*** Block opens ***

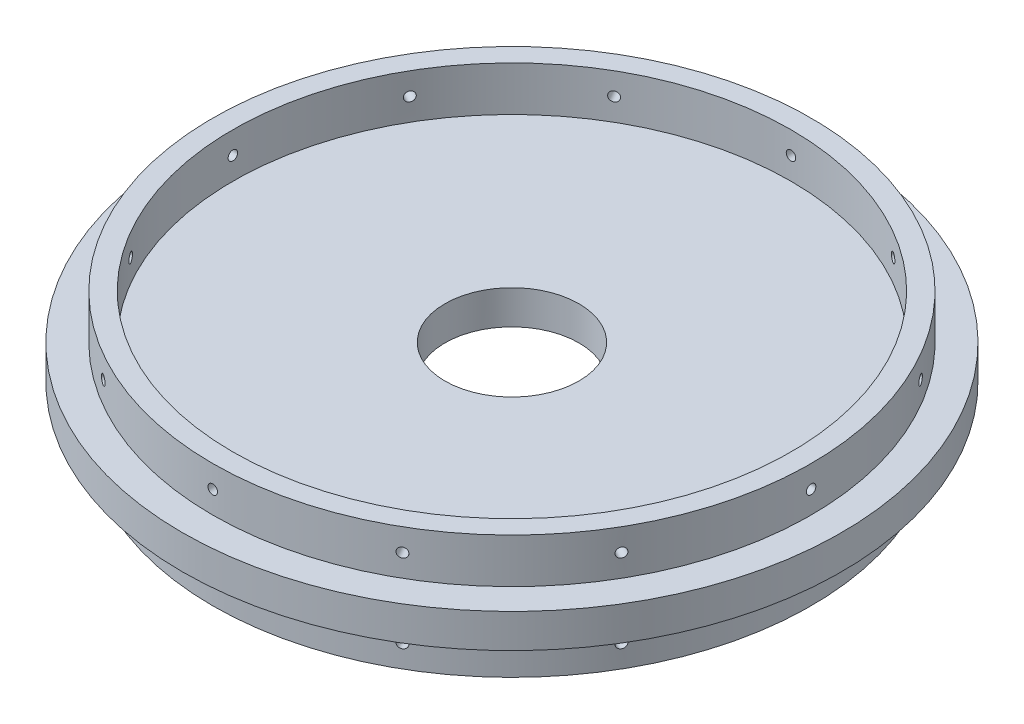
from build123d import *

# Parameters (mm, degrees)
SKETCH1_R                = 93.726
BOSS_EXTRUDE1_DEPTH      = 4.826
SKETCH4_R                = 85.09
SKETCH4_R_2              = 79.375
BOSS_EXTRUDE2_DEPTH      = 12.7
SKETCH5_R                = 1.35255
CUT_EXTRUDE2_DEPTH       = 12.7
CIRPATTERN1_COUNT        = 12
MIRROR2_COPY_1_SKETCH_R  = 1.35255
MIRROR2_COPY_1_DEPTH     = 12.7
MIRROR2_COPY_2_SKETCH_R  = 1.35255
MIRROR2_COPY_2_DEPTH     = 12.7
MIRROR2_COPY_3_SKETCH_R  = 1.35255
MIRROR2_COPY_3_DEPTH     = 12.7
MIRROR2_COPY_4_SKETCH_R  = 1.35255
MIRROR2_COPY_4_DEPTH     = 12.7
MIRROR2_COPY_5_SKETCH_R  = 1.35255
MIRROR2_COPY_5_DEPTH     = 12.7
MIRROR2_COPY_6_SKETCH_R  = 1.35255
MIRROR2_COPY_6_DEPTH     = 12.7
MIRROR2_COPY_7_SKETCH_R  = 1.35255
MIRROR2_COPY_7_DEPTH     = 12.7
MIRROR2_COPY_8_SKETCH_R  = 1.35255
MIRROR2_COPY_8_DEPTH     = 12.7
MIRROR2_COPY_9_SKETCH_R  = 1.35255
MIRROR2_COPY_9_DEPTH     = 12.7
MIRROR2_COPY_10_SKETCH_R = 1.35255
MIRROR2_COPY_10_DEPTH    = 12.7
MIRROR2_COPY_11_SKETCH_R = 1.35255
MIRROR2_COPY_11_DEPTH    = 12.7
SKETCH7_R                = 19.05
CUT_EXTRUDE4_DEPTH       = 135.420006176


with BuildPart() as part:
    # Sketch1 → Boss-Extrude1 (new, symmetric)
    with BuildSketch(Plane(origin=(0, 0, 0), x_dir=(1, 0, 0), z_dir=(0, 1, 0))):
        Circle(SKETCH1_R)
    extrude(amount=BOSS_EXTRUDE1_DEPTH, both=True)

    # Sketch4 → Boss-Extrude2 (add)
    with BuildSketch(Plane(origin=(0, 4.826, 0), x_dir=(1, 0, 0), z_dir=(0, 1, 0))):
        Circle(SKETCH4_R)
        Circle(SKETCH4_R_2, mode=Mode.SUBTRACT)
    boss_extrude2 = extrude(amount=BOSS_EXTRUDE2_DEPTH)

    # Sketch5 → Cut-Extrude2 (cut)
    with BuildSketch(Plane(origin=(0, 0, -85.09), x_dir=(-1, 0, 0), z_dir=(0, 0, -1))):
        with Locations((0, 11.176)):
            Circle(SKETCH5_R)
    cut_extrude2 = extrude(amount=-CUT_EXTRUDE2_DEPTH, mode=Mode.SUBTRACT)

    # CirPattern1: Cut-Extrude2 ×12 about axis
    cirpattern1_axis = Axis((0, 17.526, 0), (0, -1, 0))
    for i in range(1, CIRPATTERN1_COUNT):
        add(cut_extrude2.rotate(cirpattern1_axis, i * 360 / CIRPATTERN1_COUNT), mode=Mode.SUBTRACT)

    # Mirror2: Boss-Extrude2, Cut-Extrude2 across plane
    add(boss_extrude2.mirror(Plane.ZX))
    add(cut_extrude2.mirror(Plane.ZX), mode=Mode.SUBTRACT)

    # Mirror2 copy 1 sketch → Mirror2 copy 1 (cut)
    with BuildSketch(Plane(origin=(42.545, 0, -73.690101608), x_dir=(-0.8660254037844387, 0, -0.49999999999999994), z_dir=(0.49999999999999994, 0, -0.8660254037844387))):
        with Locations((0, -11.176)):
            Circle(MIRROR2_COPY_1_SKETCH_R)
    extrude(amount=-MIRROR2_COPY_1_DEPTH, mode=Mode.SUBTRACT)

    # Mirror2 copy 2 sketch → Mirror2 copy 2 (cut)
    with BuildSketch(Plane(origin=(73.690101608, 0, -42.545), x_dir=(-0.5000000000000001, 0, -0.8660254037844386), z_dir=(0.8660254037844386, 0, -0.5000000000000001))):
        with Locations((0, -11.176)):
            Circle(MIRROR2_COPY_2_SKETCH_R)
    extrude(amount=-MIRROR2_COPY_2_DEPTH, mode=Mode.SUBTRACT)

    # Mirror2 copy 3 sketch → Mirror2 copy 3 (cut)
    with BuildSketch(Plane(origin=(85.09, 0, 0), x_dir=(0, 0, -1), z_dir=(1, 0, 0))):
        with Locations((0, -11.176)):
            Circle(MIRROR2_COPY_3_SKETCH_R)
    extrude(amount=-MIRROR2_COPY_3_DEPTH, mode=Mode.SUBTRACT)

    # Mirror2 copy 4 sketch → Mirror2 copy 4 (cut)
    with BuildSketch(Plane(origin=(73.690101608, 0, 42.545), x_dir=(0.4999999999999998, 0, -0.8660254037844387), z_dir=(0.8660254037844387, 0, 0.4999999999999998))):
        with Locations((0, -11.176)):
            Circle(MIRROR2_COPY_4_SKETCH_R)
    extrude(amount=-MIRROR2_COPY_4_DEPTH, mode=Mode.SUBTRACT)

    # Mirror2 copy 5 sketch → Mirror2 copy 5 (cut)
    with BuildSketch(Plane(origin=(42.545, 0, 73.690101608), x_dir=(0.8660254037844387, 0, -0.49999999999999994), z_dir=(0.49999999999999994, 0, 0.8660254037844387))):
        with Locations((0, -11.176)):
            Circle(MIRROR2_COPY_5_SKETCH_R)
    extrude(amount=-MIRROR2_COPY_5_DEPTH, mode=Mode.SUBTRACT)

    # Mirror2 copy 6 sketch → Mirror2 copy 6 (cut)
    with BuildSketch(Plane.XY.offset(85.09)):
        with Locations((0, -11.176)):
            Circle(MIRROR2_COPY_6_SKETCH_R)
    extrude(amount=-MIRROR2_COPY_6_DEPTH, mode=Mode.SUBTRACT)

    # Mirror2 copy 7 sketch → Mirror2 copy 7 (cut)
    with BuildSketch(Plane(origin=(-42.545, 0, 73.690101608), x_dir=(0.8660254037844386, 0, 0.5000000000000001), z_dir=(-0.5000000000000001, 0, 0.8660254037844386))):
        with Locations((0, -11.176)):
            Circle(MIRROR2_COPY_7_SKETCH_R)
    extrude(amount=-MIRROR2_COPY_7_DEPTH, mode=Mode.SUBTRACT)

    # Mirror2 copy 8 sketch → Mirror2 copy 8 (cut)
    with BuildSketch(Plane(origin=(-73.690101608, 0, 42.545), x_dir=(0.5000000000000004, 0, 0.8660254037844384), z_dir=(-0.8660254037844384, 0, 0.5000000000000004))):
        with Locations((0, -11.176)):
            Circle(MIRROR2_COPY_8_SKETCH_R)
    extrude(amount=-MIRROR2_COPY_8_DEPTH, mode=Mode.SUBTRACT)

    # Mirror2 copy 9 sketch → Mirror2 copy 9 (cut)
    with BuildSketch(Plane.ZY.offset(85.09)):
        with Locations((0, -11.176)):
            Circle(MIRROR2_COPY_9_SKETCH_R)
    extrude(amount=-MIRROR2_COPY_9_DEPTH, mode=Mode.SUBTRACT)

    # Mirror2 copy 10 sketch → Mirror2 copy 10 (cut)
    with BuildSketch(Plane(origin=(-73.690101608, 0, -42.545), x_dir=(-0.5000000000000001, 0, 0.8660254037844386), z_dir=(-0.8660254037844386, 0, -0.5000000000000001))):
        with Locations((0, -11.176)):
            Circle(MIRROR2_COPY_10_SKETCH_R)
    extrude(amount=-MIRROR2_COPY_10_DEPTH, mode=Mode.SUBTRACT)

    # Mirror2 copy 11 sketch → Mirror2 copy 11 (cut)
    with BuildSketch(Plane(origin=(-42.545, 0, -73.690101608), x_dir=(-0.8660254037844384, 0, 0.5000000000000004), z_dir=(-0.5000000000000004, 0, -0.8660254037844384))):
        with Locations((0, -11.176)):
            Circle(MIRROR2_COPY_11_SKETCH_R)
    extrude(amount=-MIRROR2_COPY_11_DEPTH, mode=Mode.SUBTRACT)

    # Sketch7 → Cut-Extrude4 (cut, through all)
    with BuildSketch(Plane.XZ.offset(4.826)):
        Circle(SKETCH7_R)
    extrude(amount=-CUT_EXTRUDE4_DEPTH, mode=Mode.SUBTRACT)


solid = part.part

*** Block closes ***

EXERCISE PROMPT: Take the line above containing "Circle(MIRROR2_COPY_9_SKETCH_R)", the line containing "Circle(MIRROR2_COPY_11_SKETCH_R)", and all lines in between, and copy them exactly without anything else.

TASK RESPONSE:
            Circle(MIRROR2_COPY_9_SKETCH_R)
    extrude(amount=-MIRROR2_COPY_9_DEPTH, mode=Mode.SUBTRACT)

    # Mirror2 copy 10 sketch → Mirror2 copy 10 (cut)
    with BuildSketch(Plane(origin=(-73.690101608, 0, -42.545), x_dir=(-0.5000000000000001, 0, 0.8660254037844386), z_dir=(-0.8660254037844386, 0, -0.5000000000000001))):
        with Locations((0, -11.176)):
            Circle(MIRROR2_COPY_10_SKETCH_R)
    extrude(amount=-MIRROR2_COPY_10_DEPTH, mode=Mode.SUBTRACT)

    # Mirror2 copy 11 sketch → Mirror2 copy 11 (cut)
    with BuildSketch(Plane(origin=(-42.545, 0, -73.690101608), x_dir=(-0.8660254037844384, 0, 0.5000000000000004), z_dir=(-0.5000000000000004, 0, -0.8660254037844384))):
        with Locations((0, -11.176)):
            Circle(MIRROR2_COPY_11_SKETCH_R)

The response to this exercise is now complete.